1. Import the car library packages:

   import android.car.Car;
   /* For CarUxRestrictions */
   import android.car.drivingstate.CarUxRestrictions;
   import android.car.drivingstate.CarUxRestrictionsManager;
   

2. Implement the CarUxRestrictionManager.OnUxRestrictionsChangedListener (mUxRChangeListener). This listener, once registered with the CarUxRestrictionsManager, will be called when a change in the UX restrictions occurs. Handle the restriction changes to be Distraction Optimized, as needed:

   @Nullable private CarUxRestrictionsManager mCarUxRestrictionsManager;
   private CarUxRestrictions mCurrentUxRestrictions;
   
   /* Implement the onUxRestrictionsChangedListener interface */
   private CarUxRestrictionsManager.OnUxRestrictionsChangedListener mUxrChangeListener =
               new CarUxRestrictionsManager.OnUxRestrictionsChangedListener()
       {
           @Override
           public void onUxRestrictionsChanged(CarUxRestrictions carUxRestrictions) {
           mCurrentUxRestrictions = carUxRestrictions;
           /* Handle the new restrictions */
           handleUxRestrictionsChanged(carUxRestrictions);
           }
       };
     

3. Call the car APIs to create a car instance named mCar and connect to the car service:

   mCar = Car.createCar(context);
   if (mCar == null) {
   // handle car connection error
   }
   

4. Call mCar.getCarManager() - mCarUxRestrictionsManager to get the CarUxRestrictionsManager:

   CarUxRestrictionsManager carUxRestrictionsManager = (CarUxRestrictionsManager)
   mCar.getCarManager(Car.CAR_UX_RESTRICTION_SERVICE);
   

5. To register mUxRChangeListener implemented in Step 2 above with the CarUxRestrictionsManager call mCarUxRestrictionsManager.registerListener():

   mCarUxRestrictionsManager.registerListener(mUxrChangeListener);
   mUxrChangeListener.onUxRestrictionsChanged(
   mCarUxRestrictionsManager.getCurrentCarUxRestrictions());
   

The completed block of sample code (created in Step 3 through Step 5) results in the listener receiving restriction changes when the drive state changes:

mCar = Car.createCar(context);
if (mCar == null) {
// handle car connection error
}

CarUxRestrictionsManager carUxRestrictionsManager = (CarUxRestrictionsManager)
mCar.getCarManager(Car.CAR_UX_RESTRICTION_SERVICE);

mCarUxRestrictionsManager.registerListener(mUxrChangeListener);
mUxrChangeListener.onUxRestrictionsChanged(
mCarUxRestrictionsManager.getCurrentCarUxRestrictions());

CarUxRestrictions

The CarUxRestrictions object provides two types of information:

1. Is there a current requirement to be Distraction Optimized?
2. If so, what restrictions are currently in place?

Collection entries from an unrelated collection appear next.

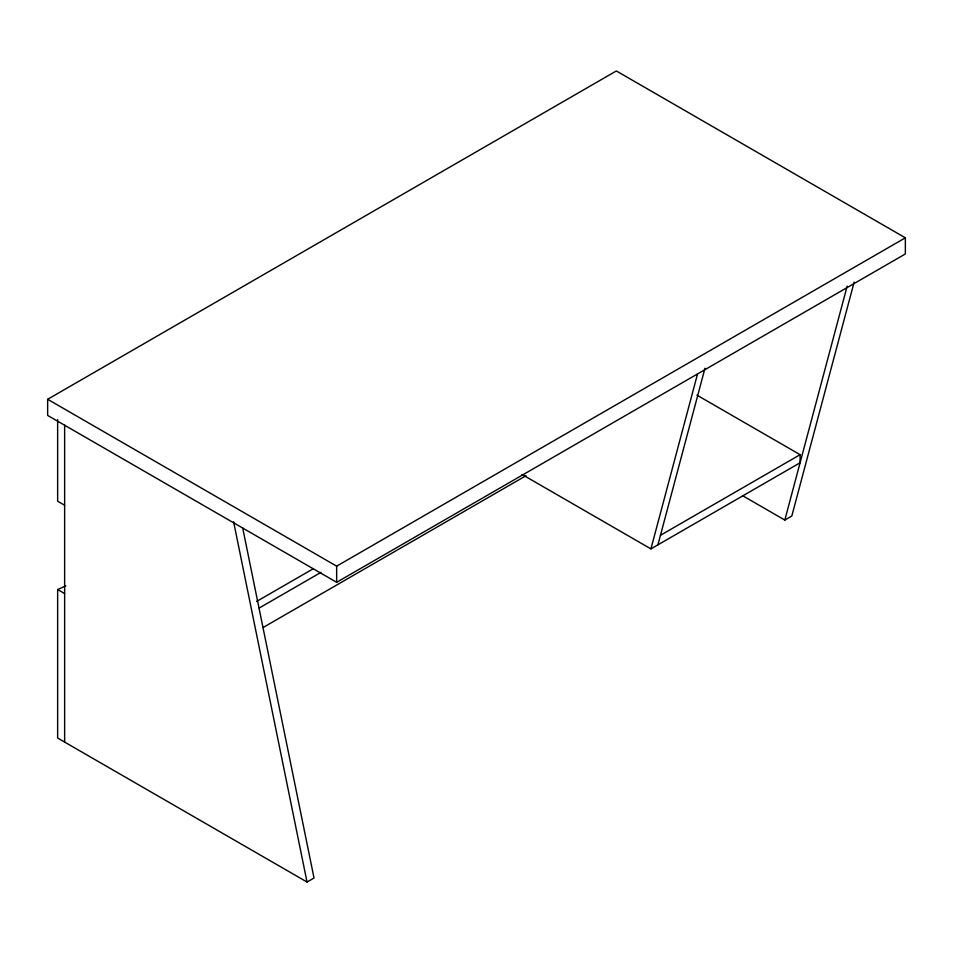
<?xml version="1.0" encoding="UTF-8"?>
<svg xmlns="http://www.w3.org/2000/svg" width="953" height="953" viewBox="0 0 953 953"><rect width="100%" height="100%" fill="white"/><g stroke="black" fill="none" stroke-linecap="round" stroke-linejoin="round"><path stroke-width="1.43" d="M521.994 474.451L650.923 548.892L697.608 373.683M657.915 544.854L704.982 368.215M742.554 495.655L784.819 520.064L847.169 286.103M854.162 282.064L791.812 516.026L784.819 520.064M47.65 399.295L616.341 70.963L905.35 237.821L905.35 253.963L336.659 582.295L47.65 415.437L47.65 399.295L336.659 566.153L905.35 237.821M256.631 601.438L313.239 568.762M259.204 608.026L320.958 572.372M263.123 627.503L526.044 475.702M660.477 535.3L800.091 454.688L800.091 462.765L650.923 548.892M65.805 585.916L57.645 589.526L57.645 738.051L307.033 882.037L314.025 877.999L242.705 528.033M696.953 395.138L800.091 454.688M64.637 505.257L57.645 501.218L57.645 419.558M57.645 589.526L64.637 593.564M233.628 521.863L307.033 882.037M336.659 566.153L336.659 582.295M64.637 425.074L64.637 742.089"/></g></svg>
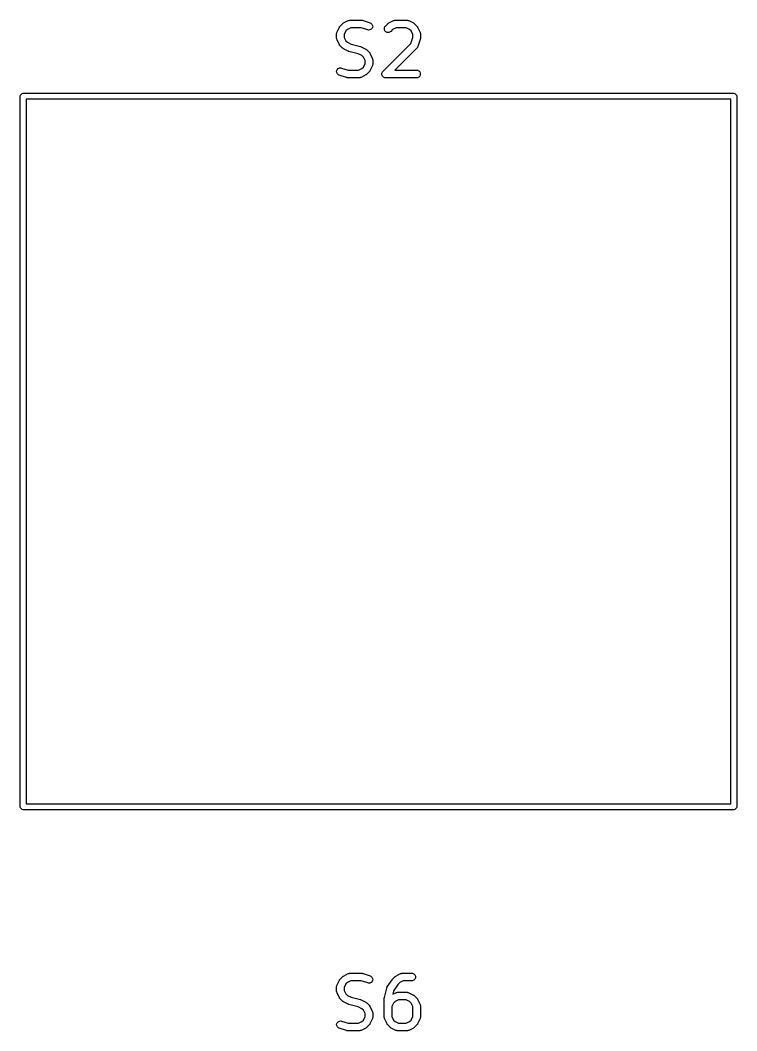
# Model space of a CAD drawing. Extents: x 76.8 to 169.1, y -100 to -41.7.
# Drawn here: x 116.66 to 130.98, y -66.35 to -46.15 of the extents above; entities that cross this region are included whole.
import ezdxf

# ---------------------------------------------------------------- set-up
doc = ezdxf.new("R2010")
doc.units = 0
doc.layers.add('BLACK', color=7, linetype='CONTINUOUS')

msp = doc.modelspace()

# ---------------------------------------------------------------- linework, layer by layer
at = {"layer": 'BLACK', "linetype": 'CONTINUOUS'}
for p, q in [((123.057681, -46.265774), (123.1053, -46.218155)), ((123.1053, -46.218155), (123.111049, -46.213436)), ((123.111049, -46.213436), (123.112349, -46.211938)), ((123.112349, -46.211938), (123.114608, -46.210516)), ((123.114608, -46.210516), (123.116665, -46.208828)), ((123.116665, -46.208828), (123.118492, -46.20807)), ((123.118492, -46.20807), (123.124792, -46.204106)), ((123.124792, -46.204106), (123.22003, -46.156487)), ((123.22003, -46.156487), (123.233761, -46.151232)), ((123.233761, -46.151232), (123.23645, -46.15104)), ((123.23645, -46.15104), (123.238939, -46.15001)), ((123.238939, -46.15001), (123.253571, -46.148569)), ((123.253571, -46.148569), (123.491666, -46.148569)), ((123.491666, -46.148569), (123.499071, -46.149298)), ((123.499071, -46.149298), (123.501046, -46.149158)), ((123.501046, -46.149158), (123.503643, -46.149748)), ((123.503643, -46.149748), (123.506298, -46.15001)), ((123.506298, -46.15001), (123.508129, -46.150768)), ((123.508129, -46.150768), (123.515383, -46.152418)), ((123.515383, -46.152418), (123.65824, -46.200037)), ((123.65824, -46.200037), (123.671665, -46.206031)), ((123.671665, -46.206031), (123.693772, -46.225205)), ((123.693772, -46.225205), (123.706859, -46.251378)), ((123.706859, -46.251378), (123.708934, -46.280568)), ((123.962443, -46.265774), (124.010062, -46.218155)), ((124.010062, -46.218155), (124.015811, -46.213436)), ((124.015811, -46.213436), (124.017111, -46.211938)), ((124.017111, -46.211938), (124.01937, -46.210516)), ((124.01937, -46.210516), (124.021427, -46.208828)), ((124.021427, -46.208828), (124.023254, -46.20807)), ((124.023254, -46.20807), (124.029554, -46.204106)), ((124.029554, -46.204106), (124.124792, -46.156487)), ((124.124792, -46.156487), (124.138523, -46.151232)), ((124.138523, -46.151232), (124.141212, -46.15104)), ((124.141212, -46.15104), (124.143701, -46.15001)), ((124.143701, -46.15001), (124.158333, -46.148569)), ((124.158333, -46.148569), (124.396428, -46.148569)), ((124.396428, -46.148569), (124.41106, -46.15001)), ((124.41106, -46.15001), (124.413549, -46.151041)), ((124.413549, -46.151041), (124.416237, -46.151232)), ((124.416237, -46.151232), (124.429969, -46.156487)), ((124.429969, -46.156487), (124.525207, -46.204106)), ((124.525207, -46.204106), (124.531506, -46.20807)), ((124.531506, -46.20807), (124.533334, -46.208828)), ((124.533334, -46.208828), (124.53539, -46.210516)), ((124.53539, -46.210516), (124.53765, -46.211938)), ((124.53765, -46.211938), (124.538949, -46.213436)), ((124.538949, -46.213436), (124.544699, -46.218155)), ((124.544699, -46.218155), (124.592318, -46.265774)), ((122.988095, -46.414045), (122.989536, -46.399413)), ((122.988095, -46.509283), (122.988095, -46.414045)), ((122.989536, -46.399413), (122.990567, -46.396923)), ((122.990567, -46.396923), (122.990758, -46.394236)), ((122.990758, -46.394236), (122.996013, -46.380504)), ((122.996013, -46.380504), (123.043632, -46.285266)), ((123.043632, -46.285266), (123.047596, -46.278966)), ((123.047596, -46.278966), (123.048354, -46.277139)), ((123.048354, -46.277139), (123.050042, -46.275082)), ((123.050042, -46.275082), (123.051464, -46.272823)), ((123.051464, -46.272823), (123.052962, -46.271523)), ((123.052962, -46.271523), (123.057681, -46.265774)), ((123.172353, -46.363234), (123.138095, -46.43175)), ((123.138095, -46.43175), (123.138095, -46.491578)), ((123.20276, -46.332827), (123.172353, -46.363234)), ((123.271276, -46.298569), (123.20276, -46.332827)), ((123.479496, -46.298569), (123.271276, -46.298569)), ((123.610805, -46.342339), (123.479496, -46.298569)), ((123.625142, -46.345599), (123.610805, -46.342339)), ((123.654332, -46.343524), (123.625142, -46.345599)), ((123.680506, -46.330438), (123.654332, -46.343524)), ((123.69968, -46.30833), (123.680506, -46.330438)), ((123.708934, -46.280568), (123.69968, -46.30833)), ((123.941917, -46.304176), (123.953116, -46.277139)), ((123.941917, -46.333438), (123.941917, -46.304176)), ((123.953116, -46.360475), (123.941917, -46.333438)), ((123.953116, -46.277139), (123.962443, -46.265774)), ((123.973808, -46.381167), (123.953116, -46.360475)), ((124.000845, -46.392366), (123.973808, -46.381167)), ((124.030107, -46.392366), (124.000845, -46.392366)), ((124.057144, -46.381167), (124.030107, -46.392366)), ((124.068509, -46.37184), (124.057144, -46.381167)), ((124.107522, -46.332827), (124.068509, -46.37184)), ((124.176038, -46.298569), (124.107522, -46.332827)), ((124.378723, -46.298569), (124.176038, -46.298569)), ((124.447239, -46.332827), (124.378723, -46.298569)), ((124.477646, -46.363234), (124.447239, -46.332827)), ((124.511904, -46.43175), (124.477646, -46.363234)), ((124.511904, -46.497113), (124.511904, -46.43175)), ((124.592318, -46.265774), (124.597036, -46.271523)), ((124.597036, -46.271523), (124.598535, -46.272823)), ((124.598535, -46.272823), (124.599956, -46.275082)), ((124.599956, -46.275082), (124.601645, -46.277139)), ((124.601645, -46.277139), (124.602402, -46.278966)), ((124.602402, -46.278966), (124.606367, -46.285266)), ((124.606367, -46.285266), (124.653986, -46.380504)), ((124.653986, -46.380504), (124.659241, -46.394235)), ((124.659241, -46.394235), (124.659432, -46.396924)), ((124.659432, -46.396924), (124.660463, -46.399413)), ((124.660463, -46.399413), (124.661904, -46.414045)), ((124.661904, -46.414045), (124.661904, -46.509283)), ((122.989536, -46.523915), (122.988095, -46.509283)), ((122.990567, -46.526404), (122.989536, -46.523915)), ((122.990758, -46.529092), (122.990567, -46.526404)), ((122.996013, -46.542824), (122.990758, -46.529092)), ((123.043632, -46.638062), (122.996013, -46.542824)), ((123.047596, -46.644361), (123.043632, -46.638062)), ((123.048354, -46.646189), (123.047596, -46.644361)), ((123.050042, -46.648245), (123.048354, -46.646189)), ((123.051464, -46.650505), (123.050042, -46.648245)), ((123.052962, -46.651804), (123.051464, -46.650505)), ((123.057681, -46.657554), (123.052962, -46.651804)), ((123.1053, -46.705173), (123.057681, -46.657554)), ((123.138095, -46.491578), (123.172353, -46.560094)), ((123.172353, -46.560094), (123.20276, -46.590501)), ((123.20276, -46.590501), (123.279747, -46.628994)), ((123.279747, -46.628994), (123.462237, -46.674617)), ((123.914824, -47.170536), (124.473732, -46.611626)), ((124.473732, -46.611626), (124.511904, -46.497113)), ((124.658055, -46.533001), (124.610436, -46.675857)), ((124.659704, -46.525745), (124.658055, -46.533001)), ((124.660463, -46.523915), (124.659704, -46.525745)), ((124.660724, -46.521261), (124.660463, -46.523915)), ((124.661315, -46.518664), (124.660724, -46.521261)), ((124.661904, -46.509283), (124.661174, -46.516689)), ((124.661174, -46.516689), (124.661315, -46.518664)), ((123.111049, -46.709891), (123.1053, -46.705173)), ((123.112349, -46.71139), (123.111049, -46.709891)), ((123.114608, -46.712811), (123.112349, -46.71139)), ((123.116665, -46.7145), (123.114608, -46.712811)), ((123.118492, -46.715257), (123.116665, -46.7145)), ((123.124792, -46.719222), (123.118492, -46.715257)), ((123.22003, -46.766841), (123.124792, -46.719222)), ((123.221099, -46.76725), (123.22003, -46.766841)), ((123.221535, -46.767573), (123.221099, -46.76725)), ((123.227671, -46.769765), (123.221535, -46.767573)), ((123.233761, -46.772096), (123.227671, -46.769765)), ((123.234301, -46.772134), (123.233761, -46.772096)), ((123.235381, -46.77252), (123.234301, -46.772134)), ((123.417871, -46.818142), (123.235381, -46.77252)), ((123.494858, -46.856636), (123.417871, -46.818142)), ((123.462237, -46.674617), (123.463316, -46.675002)), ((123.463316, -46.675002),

Once CarUxRestrictions is obtained from either getCurrentUxRestrictions() or the listener callback, applications can now use the isRequiresDistractionOptimization() API to determine if Distraction Optimized is required. If this returns false, there is no requirement to be Distraction Optimized and an application can safely run any activity.

If optimization is required, then use the getActiveRestrictions() API to obtain the set of restrictions in place. This API returns an int, which is a bit mask of all the restrictions currently in effect. The set of restrictions currently notified is listed under CarUxRestrictions .

Note: Minor changes to the set of restrictions are anticipated to occur in the near future.

For example, if an application wants to determine if a restriction to play video exists, upon getting the CarUxRestrictions object, the application must check for the restriction:

int activeUxR = mCurrentCarUxRestrictions.getActiveRestrictions();
if ((activeUxR & CarUxRestrictions.UX_RESTRICTIONS_NO_VIDEO) != 0) {
      handleStopPlayingVideo();
}

DrivingState

CarDrivingStateManager presents the actual driving state of the vehicle (Parked, Idling, or Moving). CarDrivingStateManager APIs can be called similar to the CarUxRestrictionsManager. Applications can register a listener and/or get current driving state. The driving state is returned as CarDrivingStateEvent.

CarDrivingStateEvent.

changes, the onDrivingStateChanged() method will be called with the new CarDrivingStateEvent.

import android.car.Car;
/* For CarDrivingState */
import android.car.drivingstate.CarDrivingStateEvent;
import android.car.drivingstate.CarDrivingStateManager;

mDrivingStateManager = (CarDrivingStateManager) mCar.getCarManager(
       Car.CAR_DRIVING_STATE_SERVICE);
/* Register the listener (implemented below) */
mDrivingStateManager.registerListener(mDrivingStateEventListener);
/* While we wait for a change to be notified, query the current state */
mDrivingStateEvent = mDrivingStateManager.getCurrentCarDrivingState();

private final CarDrivingStateManager.CarDrivingStateEventListener
mDrivingStateEventListener =
       new CarDrivingStateManager.CarDrivingStateEventListener() {
   @Override
   public void onDrivingStateChanged(CarDrivingStateEvent event) {
       mDrivingStateEvent = event;
       /* handle the state change accordingly */
       handleDrivingStateChange();
   }
};

Testing

You can mimic the changing of gears and speed to change the driving state. Use an ADB shell command to inject vehicle events. This can be useful development and testing.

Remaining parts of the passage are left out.